From the entries below, please output exactly the lines starting at the one containing "line L0 (4.953, 57.15)" and ending at the one containing "line L0 (4.953, 4.9891)", both included.

━━ RECORD EXTRACTS

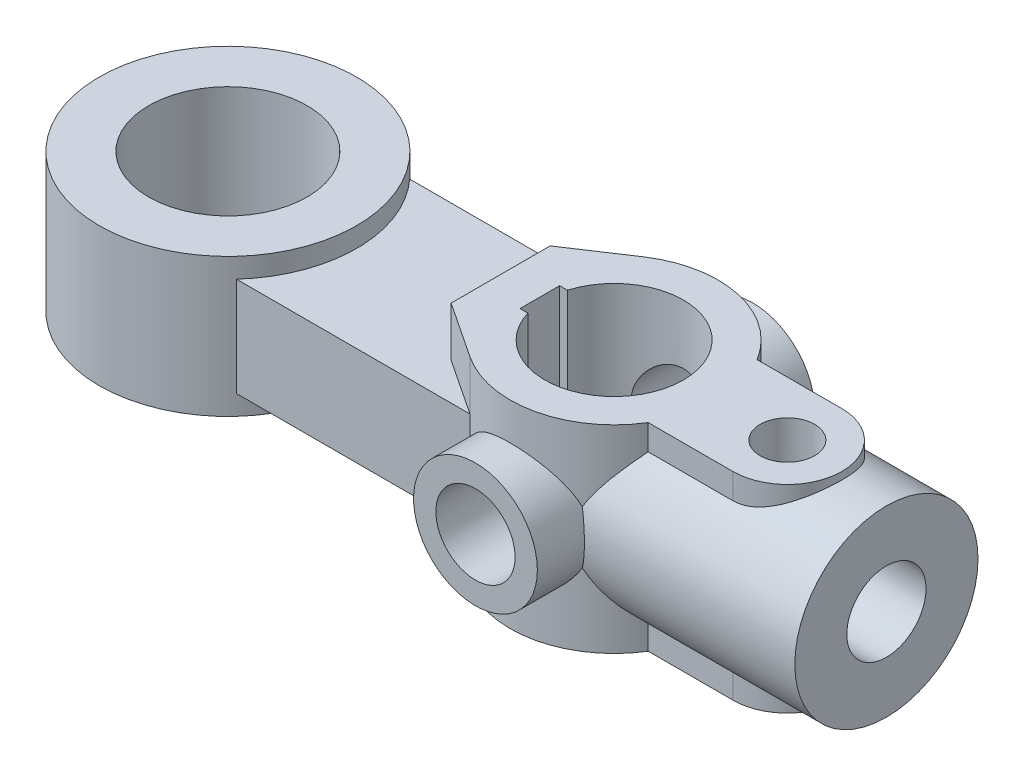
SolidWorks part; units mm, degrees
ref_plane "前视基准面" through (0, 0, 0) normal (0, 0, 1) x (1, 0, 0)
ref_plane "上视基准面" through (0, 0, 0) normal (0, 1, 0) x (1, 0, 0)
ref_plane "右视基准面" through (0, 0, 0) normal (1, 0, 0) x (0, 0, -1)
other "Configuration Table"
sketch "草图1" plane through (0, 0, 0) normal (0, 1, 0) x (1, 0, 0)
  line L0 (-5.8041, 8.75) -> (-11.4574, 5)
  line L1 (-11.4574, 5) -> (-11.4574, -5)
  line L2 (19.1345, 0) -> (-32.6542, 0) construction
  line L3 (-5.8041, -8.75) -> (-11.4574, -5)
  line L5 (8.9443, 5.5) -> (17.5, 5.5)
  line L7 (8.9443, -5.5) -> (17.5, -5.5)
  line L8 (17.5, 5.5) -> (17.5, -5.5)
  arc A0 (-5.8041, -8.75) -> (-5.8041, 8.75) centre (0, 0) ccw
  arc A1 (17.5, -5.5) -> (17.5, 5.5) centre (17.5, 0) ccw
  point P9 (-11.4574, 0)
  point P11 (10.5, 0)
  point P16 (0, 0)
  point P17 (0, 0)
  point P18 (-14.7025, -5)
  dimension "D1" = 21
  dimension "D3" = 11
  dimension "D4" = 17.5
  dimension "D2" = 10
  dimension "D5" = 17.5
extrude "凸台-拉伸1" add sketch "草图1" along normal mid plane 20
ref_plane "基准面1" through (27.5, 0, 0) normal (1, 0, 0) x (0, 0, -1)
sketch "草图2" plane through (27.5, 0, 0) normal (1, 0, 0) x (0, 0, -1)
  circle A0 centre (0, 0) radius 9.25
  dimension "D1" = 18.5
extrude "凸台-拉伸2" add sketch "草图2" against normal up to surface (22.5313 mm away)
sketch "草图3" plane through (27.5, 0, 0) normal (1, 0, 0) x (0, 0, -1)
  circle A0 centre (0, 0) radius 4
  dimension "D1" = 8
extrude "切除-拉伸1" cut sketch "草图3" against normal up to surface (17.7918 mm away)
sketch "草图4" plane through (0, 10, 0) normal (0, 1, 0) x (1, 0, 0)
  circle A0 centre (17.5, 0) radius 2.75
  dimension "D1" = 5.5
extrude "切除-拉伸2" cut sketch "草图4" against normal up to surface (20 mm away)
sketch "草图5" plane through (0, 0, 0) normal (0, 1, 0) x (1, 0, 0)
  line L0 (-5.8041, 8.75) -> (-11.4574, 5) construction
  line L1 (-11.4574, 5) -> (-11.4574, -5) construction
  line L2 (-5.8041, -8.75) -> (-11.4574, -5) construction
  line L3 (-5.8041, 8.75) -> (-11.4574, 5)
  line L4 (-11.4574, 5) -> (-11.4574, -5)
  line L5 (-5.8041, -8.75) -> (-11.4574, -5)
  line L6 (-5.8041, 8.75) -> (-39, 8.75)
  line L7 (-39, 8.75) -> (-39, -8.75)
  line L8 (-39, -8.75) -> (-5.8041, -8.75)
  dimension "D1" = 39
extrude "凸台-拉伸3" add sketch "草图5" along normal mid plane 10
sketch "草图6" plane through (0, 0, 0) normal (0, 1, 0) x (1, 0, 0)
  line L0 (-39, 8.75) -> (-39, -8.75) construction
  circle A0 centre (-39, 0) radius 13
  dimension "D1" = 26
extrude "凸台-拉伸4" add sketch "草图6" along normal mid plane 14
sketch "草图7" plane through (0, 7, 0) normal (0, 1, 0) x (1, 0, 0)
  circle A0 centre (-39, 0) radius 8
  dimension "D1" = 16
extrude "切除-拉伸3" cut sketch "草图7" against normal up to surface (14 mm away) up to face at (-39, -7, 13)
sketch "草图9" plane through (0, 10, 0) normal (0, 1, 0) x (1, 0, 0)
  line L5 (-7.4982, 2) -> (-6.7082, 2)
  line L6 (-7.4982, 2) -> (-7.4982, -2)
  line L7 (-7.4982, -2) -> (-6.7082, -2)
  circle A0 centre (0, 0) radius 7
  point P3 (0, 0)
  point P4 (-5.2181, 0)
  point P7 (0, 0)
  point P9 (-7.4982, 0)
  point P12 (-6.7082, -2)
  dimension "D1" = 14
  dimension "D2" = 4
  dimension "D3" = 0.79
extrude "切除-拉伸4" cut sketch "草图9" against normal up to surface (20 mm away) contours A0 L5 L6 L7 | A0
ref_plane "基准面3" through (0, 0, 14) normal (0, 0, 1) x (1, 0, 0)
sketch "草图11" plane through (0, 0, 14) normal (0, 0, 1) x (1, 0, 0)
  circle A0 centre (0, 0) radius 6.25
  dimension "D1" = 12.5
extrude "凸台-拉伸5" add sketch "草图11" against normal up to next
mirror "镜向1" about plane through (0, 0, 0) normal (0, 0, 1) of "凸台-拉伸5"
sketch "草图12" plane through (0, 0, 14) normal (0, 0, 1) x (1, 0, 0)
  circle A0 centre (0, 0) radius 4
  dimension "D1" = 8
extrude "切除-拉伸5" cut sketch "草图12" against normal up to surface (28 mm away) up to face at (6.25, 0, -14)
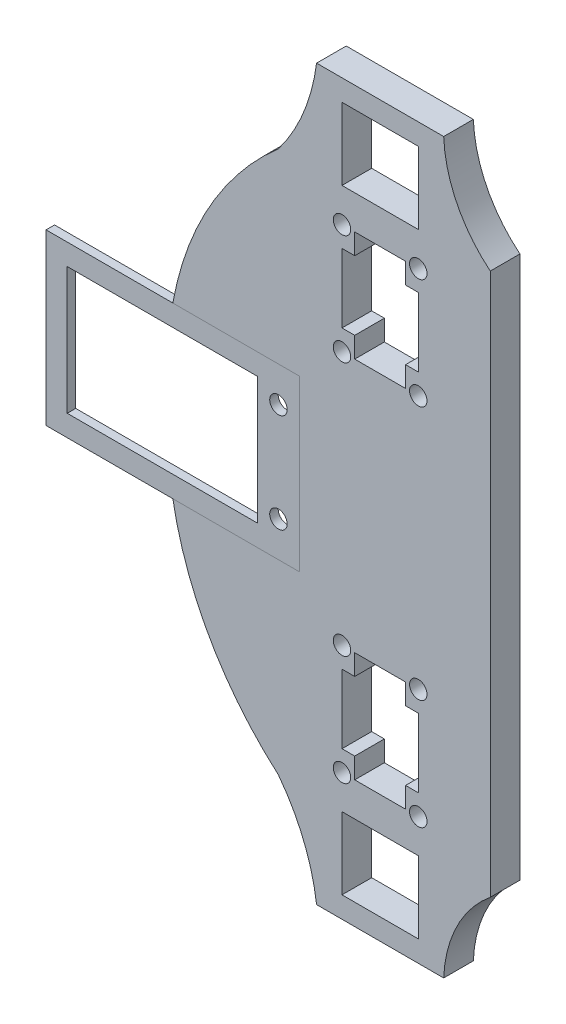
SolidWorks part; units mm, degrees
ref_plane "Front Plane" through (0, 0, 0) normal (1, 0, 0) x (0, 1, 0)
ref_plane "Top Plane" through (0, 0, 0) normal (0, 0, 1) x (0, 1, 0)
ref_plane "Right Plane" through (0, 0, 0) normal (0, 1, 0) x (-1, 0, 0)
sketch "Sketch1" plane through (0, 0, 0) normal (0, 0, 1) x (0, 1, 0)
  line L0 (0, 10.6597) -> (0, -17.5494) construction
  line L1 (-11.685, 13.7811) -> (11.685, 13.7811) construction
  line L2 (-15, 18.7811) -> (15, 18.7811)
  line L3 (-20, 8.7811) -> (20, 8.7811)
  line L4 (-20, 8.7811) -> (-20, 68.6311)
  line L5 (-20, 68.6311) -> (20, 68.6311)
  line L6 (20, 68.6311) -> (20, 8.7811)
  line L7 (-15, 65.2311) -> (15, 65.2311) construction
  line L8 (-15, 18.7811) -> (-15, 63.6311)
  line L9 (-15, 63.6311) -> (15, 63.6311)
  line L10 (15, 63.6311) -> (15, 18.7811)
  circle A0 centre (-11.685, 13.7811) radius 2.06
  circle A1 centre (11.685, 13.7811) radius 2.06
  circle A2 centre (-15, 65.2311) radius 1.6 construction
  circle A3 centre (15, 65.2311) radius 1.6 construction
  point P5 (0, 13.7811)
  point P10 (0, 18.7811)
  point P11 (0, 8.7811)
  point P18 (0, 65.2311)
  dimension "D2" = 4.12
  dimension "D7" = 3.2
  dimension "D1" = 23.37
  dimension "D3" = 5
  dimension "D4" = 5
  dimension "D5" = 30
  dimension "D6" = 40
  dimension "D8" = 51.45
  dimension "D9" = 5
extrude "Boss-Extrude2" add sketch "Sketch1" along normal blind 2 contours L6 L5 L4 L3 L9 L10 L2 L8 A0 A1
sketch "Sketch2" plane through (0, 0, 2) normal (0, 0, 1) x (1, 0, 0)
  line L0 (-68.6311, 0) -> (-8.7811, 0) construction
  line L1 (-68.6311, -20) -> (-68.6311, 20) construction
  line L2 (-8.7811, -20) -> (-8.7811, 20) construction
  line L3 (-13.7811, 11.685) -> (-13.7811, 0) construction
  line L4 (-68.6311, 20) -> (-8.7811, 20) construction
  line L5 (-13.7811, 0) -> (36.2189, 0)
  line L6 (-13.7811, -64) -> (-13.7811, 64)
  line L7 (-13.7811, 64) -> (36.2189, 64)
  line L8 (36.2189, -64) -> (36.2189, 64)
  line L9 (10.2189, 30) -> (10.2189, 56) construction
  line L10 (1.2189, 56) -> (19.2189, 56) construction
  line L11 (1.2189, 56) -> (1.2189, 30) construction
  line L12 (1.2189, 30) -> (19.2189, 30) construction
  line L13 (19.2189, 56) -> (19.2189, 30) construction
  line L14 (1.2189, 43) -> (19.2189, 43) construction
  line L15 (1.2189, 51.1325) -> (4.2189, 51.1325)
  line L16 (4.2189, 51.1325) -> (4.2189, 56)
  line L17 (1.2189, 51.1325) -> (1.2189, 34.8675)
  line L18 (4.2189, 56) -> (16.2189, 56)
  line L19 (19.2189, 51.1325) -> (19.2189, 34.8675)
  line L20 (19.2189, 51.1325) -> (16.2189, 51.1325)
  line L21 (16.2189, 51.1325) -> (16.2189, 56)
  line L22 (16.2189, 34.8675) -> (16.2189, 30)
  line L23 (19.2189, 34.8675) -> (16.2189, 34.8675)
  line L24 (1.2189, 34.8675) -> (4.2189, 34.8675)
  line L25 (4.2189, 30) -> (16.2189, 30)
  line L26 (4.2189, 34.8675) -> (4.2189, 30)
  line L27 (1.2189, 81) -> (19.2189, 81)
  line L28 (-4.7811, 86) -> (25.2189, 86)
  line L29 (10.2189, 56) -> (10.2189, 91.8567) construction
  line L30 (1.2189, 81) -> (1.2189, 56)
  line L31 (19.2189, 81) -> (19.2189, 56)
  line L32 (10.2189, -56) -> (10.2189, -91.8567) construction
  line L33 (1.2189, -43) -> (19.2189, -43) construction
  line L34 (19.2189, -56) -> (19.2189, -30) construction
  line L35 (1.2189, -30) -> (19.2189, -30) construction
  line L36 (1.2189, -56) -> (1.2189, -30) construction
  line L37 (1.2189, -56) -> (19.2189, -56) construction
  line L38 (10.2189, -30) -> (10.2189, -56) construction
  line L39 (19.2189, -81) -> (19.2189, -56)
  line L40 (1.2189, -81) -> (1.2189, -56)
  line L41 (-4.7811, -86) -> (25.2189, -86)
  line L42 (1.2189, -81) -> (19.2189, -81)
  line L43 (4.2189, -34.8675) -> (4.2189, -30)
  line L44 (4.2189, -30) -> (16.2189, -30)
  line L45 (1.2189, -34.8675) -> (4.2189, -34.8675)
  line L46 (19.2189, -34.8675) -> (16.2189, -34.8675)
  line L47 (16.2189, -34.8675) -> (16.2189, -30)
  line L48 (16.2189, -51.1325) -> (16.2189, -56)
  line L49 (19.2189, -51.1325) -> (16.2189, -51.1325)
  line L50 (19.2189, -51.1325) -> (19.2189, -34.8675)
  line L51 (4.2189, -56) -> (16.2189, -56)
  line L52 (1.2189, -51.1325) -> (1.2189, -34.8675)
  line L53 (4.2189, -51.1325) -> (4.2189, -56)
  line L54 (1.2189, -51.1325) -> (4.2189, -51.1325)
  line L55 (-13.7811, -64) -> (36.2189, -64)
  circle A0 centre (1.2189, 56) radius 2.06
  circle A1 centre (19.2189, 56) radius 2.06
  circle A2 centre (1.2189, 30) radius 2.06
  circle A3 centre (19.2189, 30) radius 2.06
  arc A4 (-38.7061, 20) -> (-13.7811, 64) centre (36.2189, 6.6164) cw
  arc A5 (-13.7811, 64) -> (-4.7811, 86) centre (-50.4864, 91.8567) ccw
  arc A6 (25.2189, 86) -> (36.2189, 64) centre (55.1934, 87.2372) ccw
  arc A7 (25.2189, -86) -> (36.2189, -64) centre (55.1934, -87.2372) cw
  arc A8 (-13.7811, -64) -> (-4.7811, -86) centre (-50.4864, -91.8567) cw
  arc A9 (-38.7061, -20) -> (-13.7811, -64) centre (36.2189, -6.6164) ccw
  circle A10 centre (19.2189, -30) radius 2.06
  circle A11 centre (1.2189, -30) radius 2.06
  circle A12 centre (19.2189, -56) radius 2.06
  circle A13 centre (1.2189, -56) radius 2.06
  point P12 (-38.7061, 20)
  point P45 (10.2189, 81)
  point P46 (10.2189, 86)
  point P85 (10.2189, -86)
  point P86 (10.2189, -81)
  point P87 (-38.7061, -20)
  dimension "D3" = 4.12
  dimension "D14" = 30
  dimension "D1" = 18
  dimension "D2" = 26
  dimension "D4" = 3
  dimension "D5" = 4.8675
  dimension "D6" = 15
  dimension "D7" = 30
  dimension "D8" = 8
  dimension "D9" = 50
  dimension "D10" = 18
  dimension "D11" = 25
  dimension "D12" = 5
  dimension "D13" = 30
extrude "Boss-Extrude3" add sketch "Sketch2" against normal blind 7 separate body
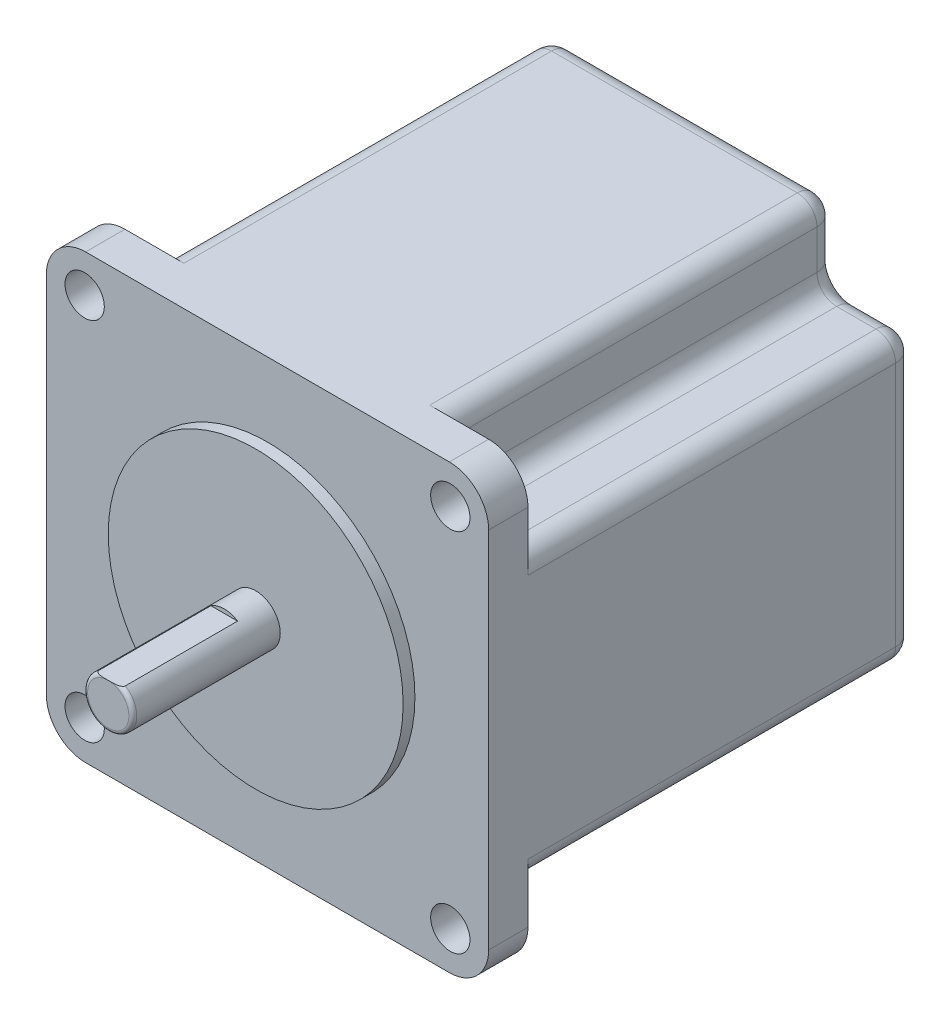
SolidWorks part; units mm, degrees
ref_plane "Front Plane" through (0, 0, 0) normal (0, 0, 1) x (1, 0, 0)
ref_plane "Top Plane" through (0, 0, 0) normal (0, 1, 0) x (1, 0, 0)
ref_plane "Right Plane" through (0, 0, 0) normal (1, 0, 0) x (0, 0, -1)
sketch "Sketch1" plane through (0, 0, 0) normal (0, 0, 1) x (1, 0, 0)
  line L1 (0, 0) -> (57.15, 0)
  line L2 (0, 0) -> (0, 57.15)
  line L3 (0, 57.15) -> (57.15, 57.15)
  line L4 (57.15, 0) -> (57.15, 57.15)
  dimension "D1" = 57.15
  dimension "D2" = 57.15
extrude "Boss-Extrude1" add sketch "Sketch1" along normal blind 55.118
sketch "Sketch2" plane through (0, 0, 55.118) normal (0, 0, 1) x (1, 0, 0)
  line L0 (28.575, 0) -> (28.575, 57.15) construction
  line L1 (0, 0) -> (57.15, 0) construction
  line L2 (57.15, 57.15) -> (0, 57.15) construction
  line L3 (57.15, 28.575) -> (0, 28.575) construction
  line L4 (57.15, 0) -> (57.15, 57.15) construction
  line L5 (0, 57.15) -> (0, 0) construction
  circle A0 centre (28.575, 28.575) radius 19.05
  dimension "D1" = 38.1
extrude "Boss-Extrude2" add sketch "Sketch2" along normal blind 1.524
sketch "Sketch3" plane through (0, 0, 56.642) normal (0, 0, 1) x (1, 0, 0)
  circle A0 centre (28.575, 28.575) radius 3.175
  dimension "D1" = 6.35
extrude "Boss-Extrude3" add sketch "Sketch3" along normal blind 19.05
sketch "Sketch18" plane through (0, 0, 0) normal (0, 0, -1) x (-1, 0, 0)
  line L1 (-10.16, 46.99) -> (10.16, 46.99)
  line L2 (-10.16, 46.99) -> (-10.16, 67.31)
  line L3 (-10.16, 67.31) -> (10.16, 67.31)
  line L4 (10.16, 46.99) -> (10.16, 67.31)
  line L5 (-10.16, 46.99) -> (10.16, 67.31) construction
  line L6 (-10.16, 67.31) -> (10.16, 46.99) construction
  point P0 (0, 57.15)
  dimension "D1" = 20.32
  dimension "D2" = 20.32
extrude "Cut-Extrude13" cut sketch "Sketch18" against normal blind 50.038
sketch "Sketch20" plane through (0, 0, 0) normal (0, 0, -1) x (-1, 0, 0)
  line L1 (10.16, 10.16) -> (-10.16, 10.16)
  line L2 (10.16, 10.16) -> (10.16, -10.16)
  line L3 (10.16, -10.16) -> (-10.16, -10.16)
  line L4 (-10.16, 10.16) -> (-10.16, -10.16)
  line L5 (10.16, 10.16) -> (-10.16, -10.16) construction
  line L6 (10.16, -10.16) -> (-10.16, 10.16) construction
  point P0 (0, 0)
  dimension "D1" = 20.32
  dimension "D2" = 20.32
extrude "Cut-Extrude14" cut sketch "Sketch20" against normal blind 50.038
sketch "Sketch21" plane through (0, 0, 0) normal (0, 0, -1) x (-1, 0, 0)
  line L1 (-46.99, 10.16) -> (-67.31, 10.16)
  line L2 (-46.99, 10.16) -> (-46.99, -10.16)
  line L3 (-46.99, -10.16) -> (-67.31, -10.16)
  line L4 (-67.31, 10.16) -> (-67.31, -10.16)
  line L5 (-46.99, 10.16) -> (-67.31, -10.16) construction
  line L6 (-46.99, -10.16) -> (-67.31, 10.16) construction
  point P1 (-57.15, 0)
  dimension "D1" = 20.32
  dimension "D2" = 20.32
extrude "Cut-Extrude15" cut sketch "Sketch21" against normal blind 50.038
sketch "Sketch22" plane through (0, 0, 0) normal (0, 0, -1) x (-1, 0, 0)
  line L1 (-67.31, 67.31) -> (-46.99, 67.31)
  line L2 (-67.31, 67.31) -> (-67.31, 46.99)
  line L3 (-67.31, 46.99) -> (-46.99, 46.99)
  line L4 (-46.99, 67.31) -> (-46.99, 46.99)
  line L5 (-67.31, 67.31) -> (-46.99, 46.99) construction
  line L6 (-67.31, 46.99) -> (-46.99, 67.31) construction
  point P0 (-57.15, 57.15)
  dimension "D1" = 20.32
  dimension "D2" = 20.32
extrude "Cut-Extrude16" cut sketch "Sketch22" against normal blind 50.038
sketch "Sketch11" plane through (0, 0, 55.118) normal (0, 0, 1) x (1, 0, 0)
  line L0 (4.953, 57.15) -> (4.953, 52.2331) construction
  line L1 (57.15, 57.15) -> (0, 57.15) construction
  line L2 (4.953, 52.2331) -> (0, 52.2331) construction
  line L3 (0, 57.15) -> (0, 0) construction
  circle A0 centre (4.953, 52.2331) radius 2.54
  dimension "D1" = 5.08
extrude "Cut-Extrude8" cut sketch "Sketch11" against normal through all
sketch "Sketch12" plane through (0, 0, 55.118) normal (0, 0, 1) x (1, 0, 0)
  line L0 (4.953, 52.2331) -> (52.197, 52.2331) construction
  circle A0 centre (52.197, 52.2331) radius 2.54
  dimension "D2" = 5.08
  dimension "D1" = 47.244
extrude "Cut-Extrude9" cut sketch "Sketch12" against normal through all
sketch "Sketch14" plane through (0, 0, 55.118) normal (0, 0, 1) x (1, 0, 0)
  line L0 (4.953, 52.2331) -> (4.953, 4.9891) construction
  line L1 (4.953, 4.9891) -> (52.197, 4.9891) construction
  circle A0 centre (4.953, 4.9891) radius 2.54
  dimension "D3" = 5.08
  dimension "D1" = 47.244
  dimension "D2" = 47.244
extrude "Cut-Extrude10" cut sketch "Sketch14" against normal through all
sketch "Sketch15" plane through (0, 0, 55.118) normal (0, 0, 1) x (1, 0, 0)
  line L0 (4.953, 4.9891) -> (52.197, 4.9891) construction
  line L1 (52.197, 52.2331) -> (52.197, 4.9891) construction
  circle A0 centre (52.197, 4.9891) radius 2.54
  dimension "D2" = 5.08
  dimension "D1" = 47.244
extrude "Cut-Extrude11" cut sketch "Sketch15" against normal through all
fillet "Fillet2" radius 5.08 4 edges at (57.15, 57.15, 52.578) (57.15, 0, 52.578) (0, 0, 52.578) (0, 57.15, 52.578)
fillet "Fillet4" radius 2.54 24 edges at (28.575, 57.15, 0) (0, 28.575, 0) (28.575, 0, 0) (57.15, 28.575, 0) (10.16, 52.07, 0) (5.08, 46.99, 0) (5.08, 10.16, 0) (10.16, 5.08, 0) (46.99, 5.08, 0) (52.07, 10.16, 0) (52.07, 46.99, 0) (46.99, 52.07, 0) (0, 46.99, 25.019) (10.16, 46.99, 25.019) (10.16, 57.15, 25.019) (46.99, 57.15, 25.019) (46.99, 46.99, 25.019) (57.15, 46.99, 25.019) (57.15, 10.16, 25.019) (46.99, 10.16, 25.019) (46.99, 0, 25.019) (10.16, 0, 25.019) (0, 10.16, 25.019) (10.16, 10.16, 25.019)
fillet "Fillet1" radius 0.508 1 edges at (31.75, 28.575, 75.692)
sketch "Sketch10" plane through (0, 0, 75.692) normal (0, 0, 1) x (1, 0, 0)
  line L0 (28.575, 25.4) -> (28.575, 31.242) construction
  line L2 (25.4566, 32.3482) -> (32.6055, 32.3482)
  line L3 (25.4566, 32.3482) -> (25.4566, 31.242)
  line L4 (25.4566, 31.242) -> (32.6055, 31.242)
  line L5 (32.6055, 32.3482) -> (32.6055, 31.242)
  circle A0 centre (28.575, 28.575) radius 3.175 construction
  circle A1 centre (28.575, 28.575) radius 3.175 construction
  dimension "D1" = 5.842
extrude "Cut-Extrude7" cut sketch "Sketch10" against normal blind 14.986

━━━━

# RESPONSE:
  line L0 (4.953, 57.15) -> (4.953, 52.2331) construction
  line L1 (57.15, 57.15) -> (0, 57.15) construction
  line L2 (4.953, 52.2331) -> (0, 52.2331) construction
  line L3 (0, 57.15) -> (0, 0) construction
  circle A0 centre (4.953, 52.2331) radius 2.54
  dimension "D1" = 5.08
extrude "Cut-Extrude8" cut sketch "Sketch11" against normal through all
sketch "Sketch12" plane through (0, 0, 55.118) normal (0, 0, 1) x (1, 0, 0)
  line L0 (4.953, 52.2331) -> (52.197, 52.2331) construction
  circle A0 centre (52.197, 52.2331) radius 2.54
  dimension "D2" = 5.08
  dimension "D1" = 47.244
extrude "Cut-Extrude9" cut sketch "Sketch12" against normal through all
sketch "Sketch14" plane through (0, 0, 55.118) normal (0, 0, 1) x (1, 0, 0)
  line L0 (4.953, 52.2331) -> (4.953, 4.9891) construction
  line L1 (4.953, 4.9891) -> (52.197, 4.9891) construction
  circle A0 centre (4.953, 4.9891) radius 2.54
  dimension "D3" = 5.08
  dimension "D1" = 47.244
  dimension "D2" = 47.244
extrude "Cut-Extrude10" cut sketch "Sketch14" against normal through all
sketch "Sketch15" plane through (0, 0, 55.118) normal (0, 0, 1) x (1, 0, 0)
  line L0 (4.953, 4.9891) -> (52.197, 4.9891) construction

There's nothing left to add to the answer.